カクヨムにて5話先行投稿していますので、続きを早く読みたい方は以下のURLからどうぞ。


https://kakuyomu.jp/works/16817139555994570519


また、カクヨムサポーターズパスポートにでサポートをしてくれた方には毎週日曜日にサポーター限定の番外編を公開中です。

 レイが村長の家から出ると、既にそこには多くの者が集まっていた。

 ガーシュタイナーとオクタビアの二人が、レイが目覚めたことを知らせて集めておいたのだろう。

 そのような者達は、レイが姿を見せたことに驚く。

 話には聞いていたものの、実際にレイが目覚めたことに驚いた者もいるし、改めてこうして目覚めたレイが動いているのを見て、レイが見て分かる程に痩せていることに驚いている者もいる。

 そして何より……


「グルルルルルゥ!」


 そんな周囲の様子を全く気にせず、セトが喉を鳴らしながらレイに近付く。

 周囲にいた者達も、セトがどれだけレイを心配していたのかは知っているので、それを邪魔するような者はいない。

 もっとも、今のセトの行動を邪魔しようとしても、レイしか見えていないセトはそれに気が付かず、吹き飛ばしていた可能性が高かったが。

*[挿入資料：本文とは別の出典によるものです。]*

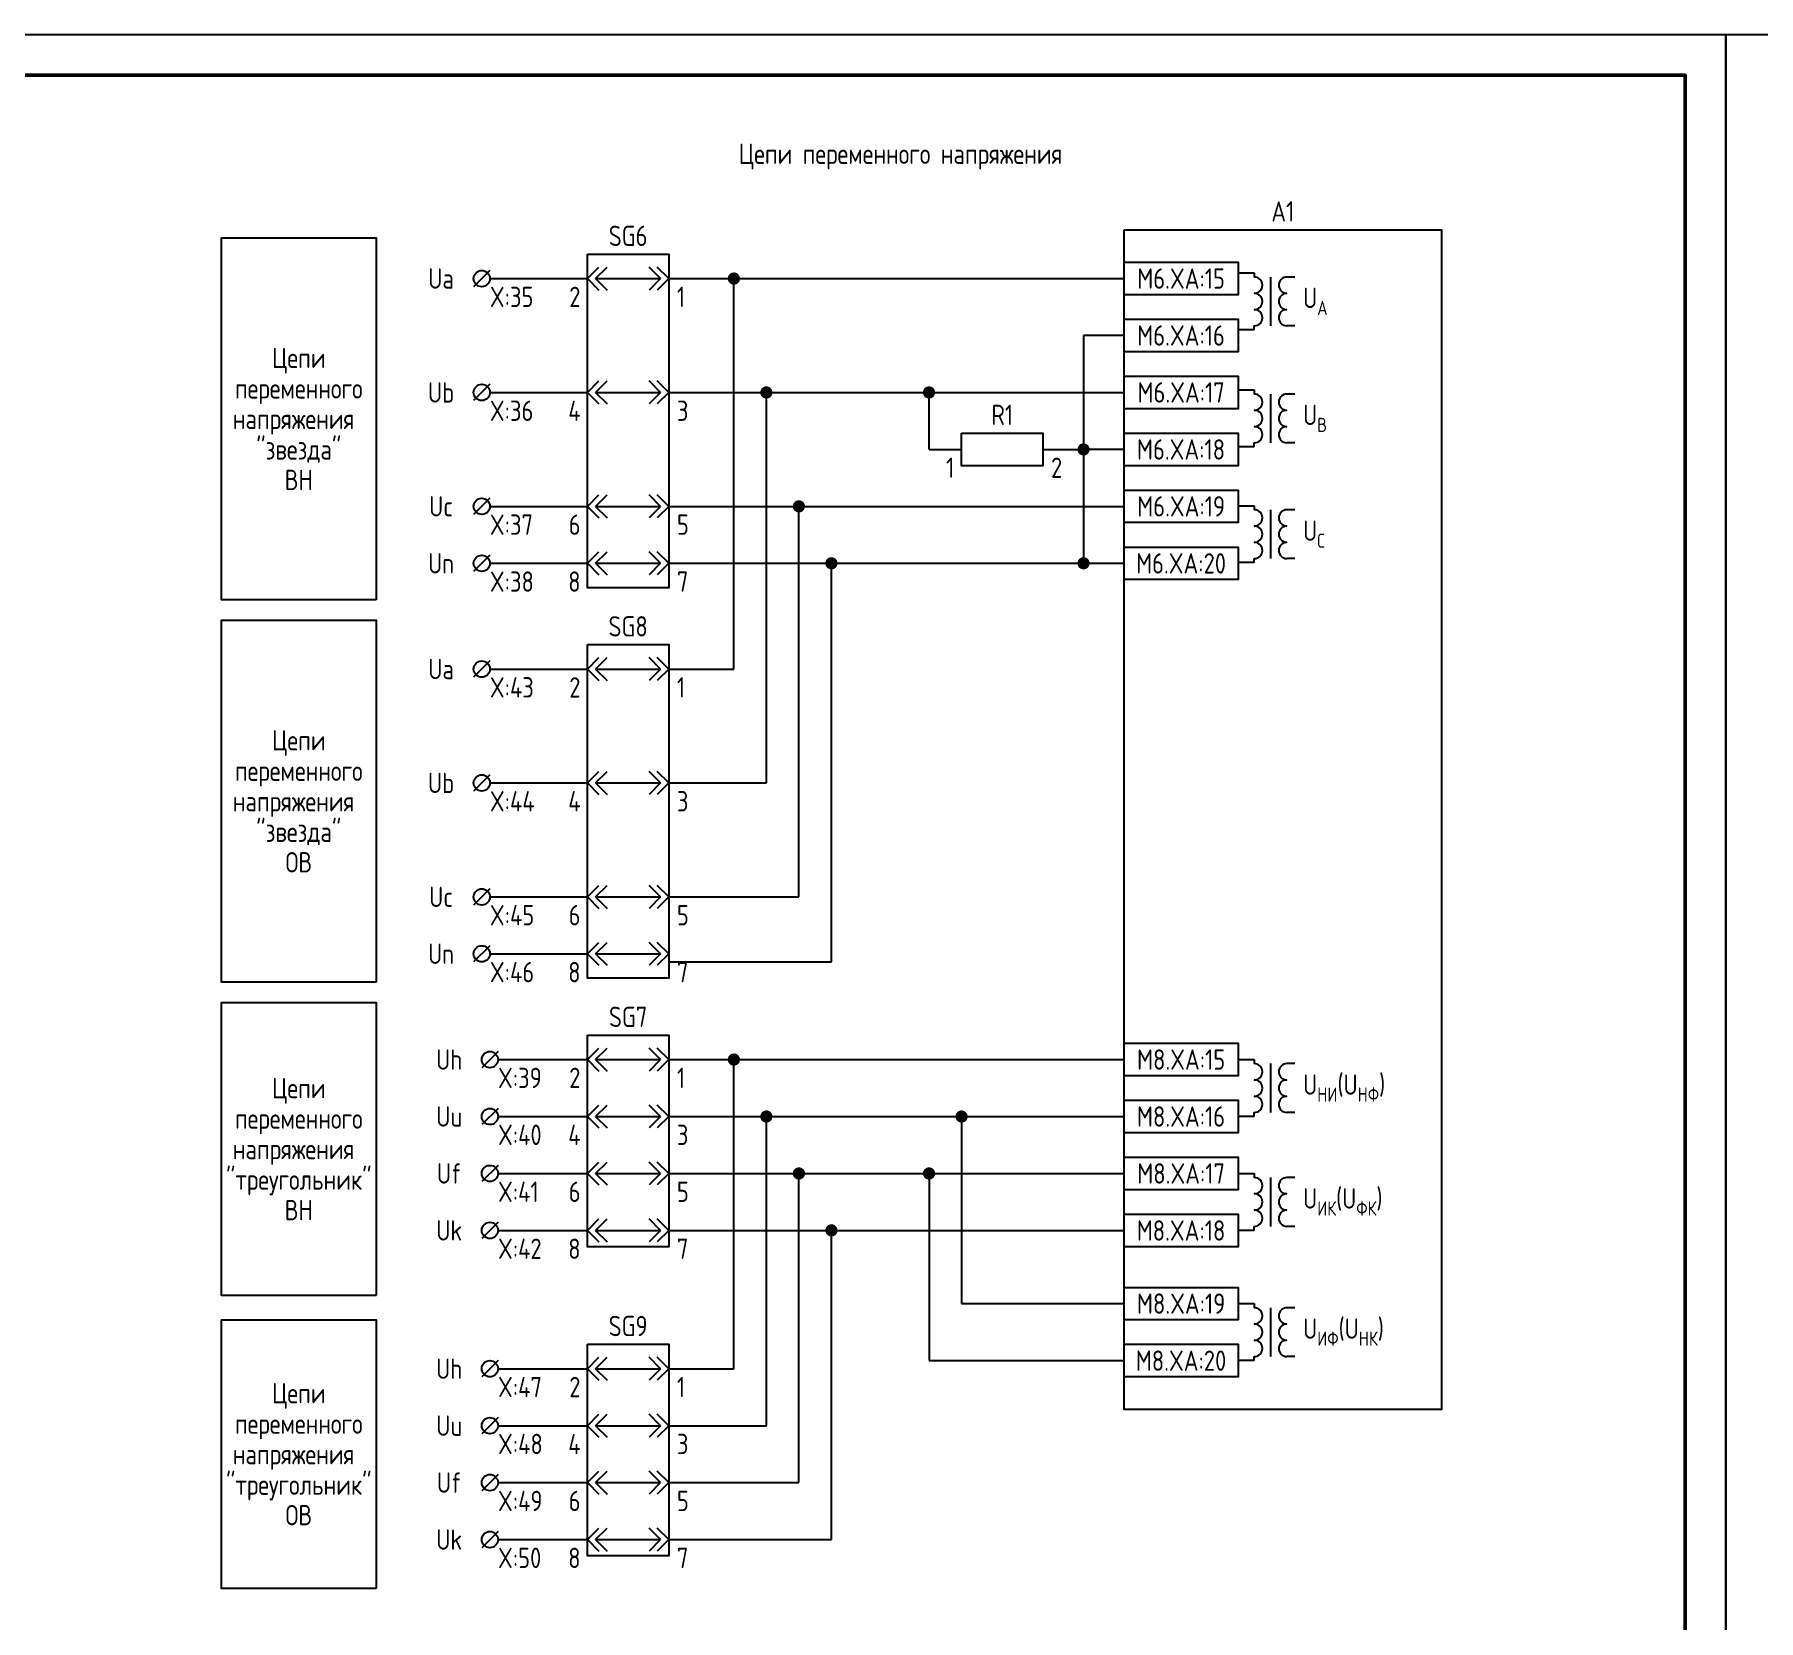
# Model space of a CAD drawing. Header units: millimetres. Extents: x -1117 to 5358, y -90 to 1610.
# Drawn here: x 212 to 424, y 102.1 to 297 of the extents above; entities that cross this region are included whole.
import ezdxf

# ---------------------------------------------------------------- set-up
doc = ezdxf.new("R2010")
doc.units = ezdxf.units.MM
doc.styles.add('Gost_type_A', font='GOST_A.TTF')

# ---------------------------------------------------------------- blocks, each defined once
blk = doc.blocks.new('Формат_А3')
blk.add_lwpolyline([(-420, 297), (0, 297), (0, 0), (-420, 0)], close=True)
at = {"lineweight": 50}
blk.add_lwpolyline([(-400, 292), (-5, 292), (-5, 5), (-400, 5)], close=True, dxfattribs=at)
blk = doc.blocks.new('БИ_разъем')
for p, q in [((0, 0), (1.41, 1.41)), ((0, 0), (1.41, 1.41)), ((0, 0), (1.41, -1.41)), ((0, 0), (1.41, -1.41)), ((1, 0), (2.41, 1.41)), ((1, 0), (2.41, -1.41)), ((1, 0), (9, 0)), ((9, 0), (7.59, 1.41)), ((9, 0), (7.59, -1.41)), ((10, 0), (8.59, 1.41)), ((10, 0), (8.59, 1.41)), ((10, 0), (8.59, -1.41)), ((10, 0), (8.59, -1.41))]:
    blk.add_line(p, q)
blk = doc.blocks.new('POINT')
at = {"const_width": 0.75}
blk.add_lwpolyline([(-0.375, 0, 1), (0.375, 0, 1)], format="xyb", close=True, dxfattribs=at)

msp = doc.modelspace()

# ---------------------------------------------------------------- linework, layer by layer
for p, q in [((268, 268), (266, 266)), ((268, 267), (280, 267)), ((290, 267), (346, 267)), ((298, 219), (298, 267)), ((346, 260), (341, 260)), ((341, 260), (341, 232)), ((268, 254), (266, 252)), ((268, 253), (280, 253)), ((290, 253), (346, 253)), ((302, 205), (302, 253)), ((322, 246), (322, 253)), ((322, 246), (326, 246)), ((336, 246), (341, 246)), ((346, 246), (341, 246)), ((268, 240), (266, 238)), ((268, 239), (280, 239)), ((290, 239), (346, 239)), ((306, 191), (306, 239)), ((268, 233), (266, 231)), ((268, 232), (280, 232)), ((290, 232), (346, 232)), ((310, 183), (310, 232)), ((268, 220), (266, 218)), ((268, 219), (280, 219)), ((290, 219), (298, 219)), ((268, 206), (266, 204)), ((268, 205), (280, 205)), ((290, 205), (302, 205)), ((268, 192), (266, 190)), ((268, 191), (280, 191)), ((290, 191), (306, 191)), ((268, 185), (266, 183)), ((268, 184), (280, 184)), ((290, 183), (310, 183)), ((269, 172), (267, 170)), ((269, 171), (280, 171)), ((290, 171), (346, 171)), ((298, 133), (298, 171)), ((269, 165), (267, 163)), ((269, 164), (280, 164)), ((290, 164), (346, 164)), ((302, 126), (302, 164)), ((326, 164), (326, 141)), ((269, 158), (267, 156)), ((269, 157), (280, 157)), ((290, 157), (346, 157)), ((306, 119), (306, 157)), ((322, 157), (322, 134)), ((269, 151), (267, 149)), ((269, 150), (280, 150)), ((290, 150), (346, 150)), ((310, 112), (310, 150)), ((326, 141), (346, 141)), ((269, 134), (267, 132)), ((322, 134), (346, 134)), ((269, 133), (280, 133)), ((290, 133), (298, 133)), ((269, 127), (267, 125)), ((269, 126), (280, 126)), ((290, 126), (302, 126)), ((269, 120), (267, 118)), ((269, 119), (280, 119)), ((290, 119), (306, 119)), ((269, 113), (267, 111)), ((269, 112), (280, 112)), ((290, 112), (310, 112))]:
    msp.add_line(p, q)
at = {"ltscale": 4}
for p, q in [((360, 267.69), (362, 267.69)), ((362, 267.69), (362, 267.19)), ((362, 267.69), (362, 267.19)), ((364, 267.19), (364, 263.19)), ((367, 267.19), (366, 267.19)), ((364, 265.19), (364, 261.19)), ((362, 260.69), (362, 261.19)), ((367, 261.19), (366, 261.19)), ((362, 260.69), (360, 260.69)), ((360, 253.31), (362, 253.31)), ((362, 253.31), (362, 252.81)), ((362, 253.31), (362, 252.81)), ((364, 252.81), (364, 248.81)), ((367, 252.81), (366, 252.81)), ((364, 250.81), (364, 246.81)), ((362, 246.31), (360, 246.31)), ((362, 246.31), (362, 246.81)), ((367, 246.81), (366, 246.81)), ((360, 239.08), (362, 239.08)), ((362, 239.08), (362, 238.58)), ((362, 239.08), (362, 238.58)), ((364, 238.58), (364, 234.58)), ((367, 238.58), (366, 238.58)), ((364, 236.58), (364, 232.58)), ((362, 232.08), (360, 232.08)), ((362, 232.08), (362, 232.58)), ((367, 232.58), (366, 232.58)), ((360, 171), (362, 171)), ((362, 171), (362, 170.5)), ((362, 171), (362, 170.5)), ((364, 170.5), (364, 166.5)), ((367, 170.5), (366, 170.5)), ((364, 168.5), (364, 164.5)), ((362, 164), (360, 164)), ((362, 164), (362, 164.5)), ((367, 164.5), (366, 164.5)), ((360, 157), (362, 157)), ((362, 157), (362, 156.5)), ((362, 157), (362, 156.5)), ((364, 156.5), (364, 152.5)), ((367, 156.5), (366, 156.5)), ((364, 154.5), (364, 150.5)), ((362, 150), (360, 150)), ((362, 150), (362, 150.5)), ((367, 150.5), (366, 150.5)), ((360, 141), (362, 141)), ((362, 141), (362, 140.5)), ((362, 141), (362, 140.5)), ((364, 140.5), (364, 136.5)), ((367, 140.5), (366, 140.5)), ((364, 138.5), (364, 134.5)), ((362, 134), (360, 134)), ((362, 134), (362, 134.5)), ((367, 134.5), (366, 134.5))]:
    msp.add_line(p, q, dxfattribs=at)
for points in [[(254, 227.5), (235, 227.5), (235, 272), (254, 272)], [(346, 273), (385, 273), (385, 128), (346, 128)], [(280, 270), (290, 270), (290, 229), (280, 229)], [(346, 269), (360, 269), (360, 265), (346, 265)], [(346, 262), (360, 262), (360, 258), (346, 258)], [(346, 255), (360, 255), (360, 251), (346, 251)], [(326, 248), (336, 248), (336, 244), (326, 244)], [(346, 248), (360, 248), (360, 244), (346, 244)], [(346, 241), (360, 241), (360, 237), (346, 237)], [(346, 234), (360, 234), (360, 230), (346, 230)], [(254, 180.5), (235, 180.5), (235, 225), (254, 225)], [(280, 222), (290, 222), (290, 181), (280, 181)], [(254, 142), (235, 142), (235, 178), (254, 178)], [(280, 174), (290, 174), (290, 148), (280, 148)], [(346, 173), (360, 173), (360, 169), (346, 169)], [(346, 166), (360, 166), (360, 162), (346, 162)], [(346, 159), (360, 159), (360, 155), (346, 155)], [(346, 152), (360, 152), (360, 148), (346, 148)], [(346, 143), (360, 143), (360, 139), (346, 139)], [(254, 106), (235, 106), (235, 139), (254, 139)], [(280, 136), (290, 136), (290, 110), (280, 110)], [(346, 136), (360, 136), (360, 132), (346, 132)]]:
    msp.add_lwpolyline(points, close=True)
for centre in [(267, 267), (267, 253), (267, 239), (267, 232), (267, 219), (267, 205), (267, 191), (267, 184), (268, 171), (268, 164), (268, 157), (268, 150), (268, 133), (268, 126), (268, 119), (268, 112)]:
    msp.add_circle(centre, 1)
for centre, start, end in [((362, 266.19), 270, 90), ((366, 266.19), 90, 270), ((366, 266.19), 90, 270), ((362, 264.19), 270, 90), ((366, 264.19), 90, 270), ((366, 264.19), 90, 270), ((362, 262.19), 270, 90), ((366, 262.19), 90, 270), ((362, 251.81), 270, 90), ((366, 251.81), 90, 270), ((366, 251.81), 90, 270), ((362, 249.81), 270, 90), ((366, 249.81), 90, 270), ((366, 249.81), 90, 270), ((362, 247.81), 270, 90), ((366, 247.81), 90, 270), ((362, 237.58), 270, 90), ((366, 237.58), 90, 270), ((366, 237.58), 90, 270), ((362, 235.58), 270, 90), ((366, 235.58), 90, 270), ((366, 235.58), 90, 270), ((362, 233.58), 270, 90), ((366, 233.58), 90, 270), ((362, 169.5), 270, 90), ((366, 169.5), 90, 270), ((366, 169.5), 90, 270), ((362, 167.5), 270, 90), ((366, 167.5), 90, 270), ((366, 167.5), 90, 270), ((362, 165.5), 270, 90), ((366, 165.5), 90, 270), ((362, 155.5), 270, 90), ((366, 155.5), 90, 270), ((366, 155.5), 90, 270), ((362, 153.5), 270, 90), ((366, 153.5), 90, 270), ((366, 153.5), 90, 270), ((362, 151.5), 270, 90), ((366, 151.5), 90, 270), ((362, 139.5), 270, 90), ((366, 139.5), 90, 270), ((366, 139.5), 90, 270), ((362, 137.5), 270, 90), ((366, 137.5), 90, 270), ((366, 137.5), 90, 270), ((362, 135.5), 270, 90), ((366, 135.5), 90, 270)]:
    msp.add_arc(centre, 1, start, end, dxfattribs=at)

# ---------------------------------------------------------------- block references
at = {"color": 1}
for p in [(420, 0), (840, 0)]:
    msp.add_blockref('Формат_А3', p, dxfattribs=at)
for name, p in [('БИ_разъем', (280, 267)), ('POINT', (298, 267)), ('БИ_разъем', (280, 253)), ('POINT', (302, 253)), ('POINT', (322, 253)), ('POINT', (341, 246)), ('БИ_разъем', (280, 239)), ('POINT', (306, 239)), ('БИ_разъем', (280, 232)), ('POINT', (310, 232)), ('POINT', (341, 232)), ('БИ_разъем', (280, 219)), ('БИ_разъем', (280, 205)), ('БИ_разъем', (280, 191)), ('БИ_разъем', (280, 184)), ('БИ_разъем', (280, 171)), ('POINT', (298, 171)), ('БИ_разъем', (280, 164)), ('POINT', (302, 164)), ('POINT', (326, 164)), ('БИ_разъем', (280, 157)), ('POINT', (306, 157)), ('POINT', (322, 157)), ('БИ_разъем', (280, 150)), ('POINT', (310, 150)), ('БИ_разъем', (280, 133)), ('БИ_разъем', (280, 126)), ('БИ_разъем', (280, 119)), ('БИ_разъем', (280, 112))]:
    msp.add_blockref(name, p)

# ---------------------------------------------------------------- texts
at = {"char_height": 2.5, "line_spacing_factor": 0.9, "style": 'Gost_type_A'}
for s, insert, width, attachment_point in [('Цепи переменного напряжения', (318.5, 282), 197, 5), ('A1', (365.5, 274), 39, 8), ('SG6', (285, 271), 10, 8), ('Ua', (262, 267), 6, 5), ('X:35', (268, 266), 10, 1), ('{\\T0.9;2}', (279, 266), 5, 3), ('{\\T0.9;1}', (291, 266), 5, 1), ('Цепи переменного напряжения  "звезда"\\PВН', (244.5, 249.75), 19, 5), ('Ub', (262, 253), 6, 5), ('X:36', (268, 252), 10, 1), ('{\\T0.9;4}', (279, 252), 5, 3), ('{\\T0.9;3}', (291, 252), 5, 1), ('R1', (331, 249), 10, 8), ('{\\T0.9;1}', (325, 245), 5, 3), ('{\\T0.9;2}', (337, 245), 5, 1), ('Uc', (262, 239), 6, 5), ('X:37', (268, 238), 10, 1), ('{\\T0.9;6}', (279, 238), 5, 3), ('{\\T0.9;5}', (291, 238), 5, 1), ('Un', (262, 232), 6, 5), ('X:38', (268, 231), 10, 1), ('{\\T0.9;8}', (279, 231), 5, 3), ('{\\T0.9;7}', (291, 231), 5, 1), ('SG8', (285, 223), 10, 8), ('Ua', (262, 219), 6, 5), ('X:43', (268, 218), 10, 1), ('{\\T0.9;2}', (279, 218), 5, 3), ('{\\T0.9;1}', (291, 218), 5, 1), ('Цепи переменного напряжения  "звезда"\\PОВ', (244.5, 202.75), 19, 5), ('Ub', (262, 205), 6, 5), ('X:44', (268, 204), 10, 1), ('{\\T0.9;4}', (279, 204), 5, 3), ('{\\T0.9;3}', (291, 204), 5, 1), ('Uc', (262, 191), 6, 5), ('X:45', (268, 190), 10, 1), ('{\\T0.9;6}', (279, 190), 5, 3), ('{\\T0.9;5}', (291, 190), 5, 1), ('Un', (262, 184), 6, 5), ('X:46', (268, 183), 10, 1), ('{\\T0.9;8}', (279, 183), 5, 3), ('{\\T0.9;7}', (291, 183), 5, 1), ('SG7', (285, 175), 10, 8), ('Uh', (263, 171), 6, 5), ('X:39', (269, 170), 8, 1), ('{\\T0.9;2}', (279, 170), 5, 3), ('{\\T0.9;1}', (291, 170), 5, 1), ('Цепи переменного напряжения  "треугольник"\\PВН', (244.5, 160), 19, 5), ('Uu', (263, 164), 6, 5), ('X:40', (269, 163), 8, 1), ('{\\T0.9;4}', (279, 163), 5, 3), ('{\\T0.9;3}', (291, 163), 5, 1), ('Uf', (263, 157), 6, 5), ('X:41', (269, 156), 8, 1), ('{\\T0.9;6}', (279, 156), 5, 3), ('{\\T0.9;5}', (291, 156), 5, 1), ('Uk', (263, 150), 6, 5), ('X:42', (269, 149), 8, 1), ('{\\T0.9;8}', (279, 149), 5, 3), ('{\\T0.9;7}', (291, 149), 5, 1), ('SG9', (285, 137), 10, 8), ('Uh', (263, 133), 6, 5), ('X:47', (269, 132), 8, 1), ('{\\T0.9;2}', (279, 132), 5, 3), ('{\\T0.9;1}', (291, 132), 5, 1), ('Цепи переменного напряжения  "треугольник"\\PОВ', (244.5, 122.5), 19, 5), ('Uu', (263, 126), 6, 5), ('X:48', (269, 125), 8, 1), ('{\\T0.9;4}', (279, 125), 5, 3), ('{\\T0.9;3}', (291, 125), 5, 1), ('Uf', (263, 119), 6, 5), ('X:49', (269, 118), 8, 1), ('{\\T0.9;6}', (279, 118), 5, 3), ('{\\T0.9;5}', (291, 118), 5, 1), ('Uk', (263, 112), 6, 5), ('X:50', (269, 111), 8, 1), ('{\\T0.9;8}', (279, 111), 5, 3), ('{\\T0.9;7}', (291, 111), 5, 1)]:
    msp.add_mtext(s, dxfattribs=dict(at, insert=insert, width=width, attachment_point=attachment_point))
at = {"char_height": 2.5, "style": 'Gost_type_A'}
for s, insert, width, attachment_point in [('M6.XA:15', (353, 267), 14, 5), ('\\A1;U{\\H0.7x;\\S^ А;}', (368, 264.19), 12, 4), ('M6.XA:16', (352.99, 260), 14.018, 5), ('M6.XA:17', (353, 253), 14, 5), ('\\A1;U{\\H0.7x;\\S^ В;}', (368, 249.81), 12, 4), ('M6.XA:18', (352.99, 245.99), 14.018, 5), ('M6.XA:19', (353, 239), 14, 5), ('\\A1;U{\\H0.7x;\\S^ С;}', (368, 235.58), 9.8643, 4), ('M6.XA:20', (352.99, 231.99), 14.018, 5), ('M8.XA:15', (353, 171), 14, 5), ('\\A1;U{\\H0.7x;\\S^ НИ;}(U{\\H0.7x;\\S^ НФ;})', (368, 167.5), 12, 4), ('M8.XA:16', (352.99, 164), 14.018, 5), ('M8.XA:17', (353, 157), 14, 5), ('\\A1;U{\\H0.7x;\\S^ ИК;\\H1.42857x;(U\\H0.7x;\\S^ ФК;\\H1.42857x;)}', (368, 153.5), 12, 4), ('M8.XA:18', (352.99, 149.99), 14.018, 5), ('M8.XA:19', (353, 141), 14, 5), ('\\A1;U{\\H0.7x;\\S^ ИФ;\\H1.42857x;(U\\H0.7x;\\S^ НК;\\H1.42857x;)}', (368, 137.5), 12, 4), ('M8.XA:20', (352.99, 133.99), 14.018, 5)]:
    msp.add_mtext(s, dxfattribs=dict(at, insert=insert, width=width, attachment_point=attachment_point))

doc.saveas('drawing.dxf')

 他の者達もそれを分かっていたからこそ、セトを邪魔するようなことをしなかったのだろう。


「心配を掛けたな、セト」


 そう言いながら、顔を擦りつけ、甘えるセトをレイが撫でる。

 セトはそんなレイに撫でられながら、嬉しそうに喉を鳴らす。

 レイとセトは魔力的に繋がっている。

 その為、レイが死ぬようなことはないと理解していたセトだったが、それでもずっと姿を見せなかっただけに、心配していたのだ。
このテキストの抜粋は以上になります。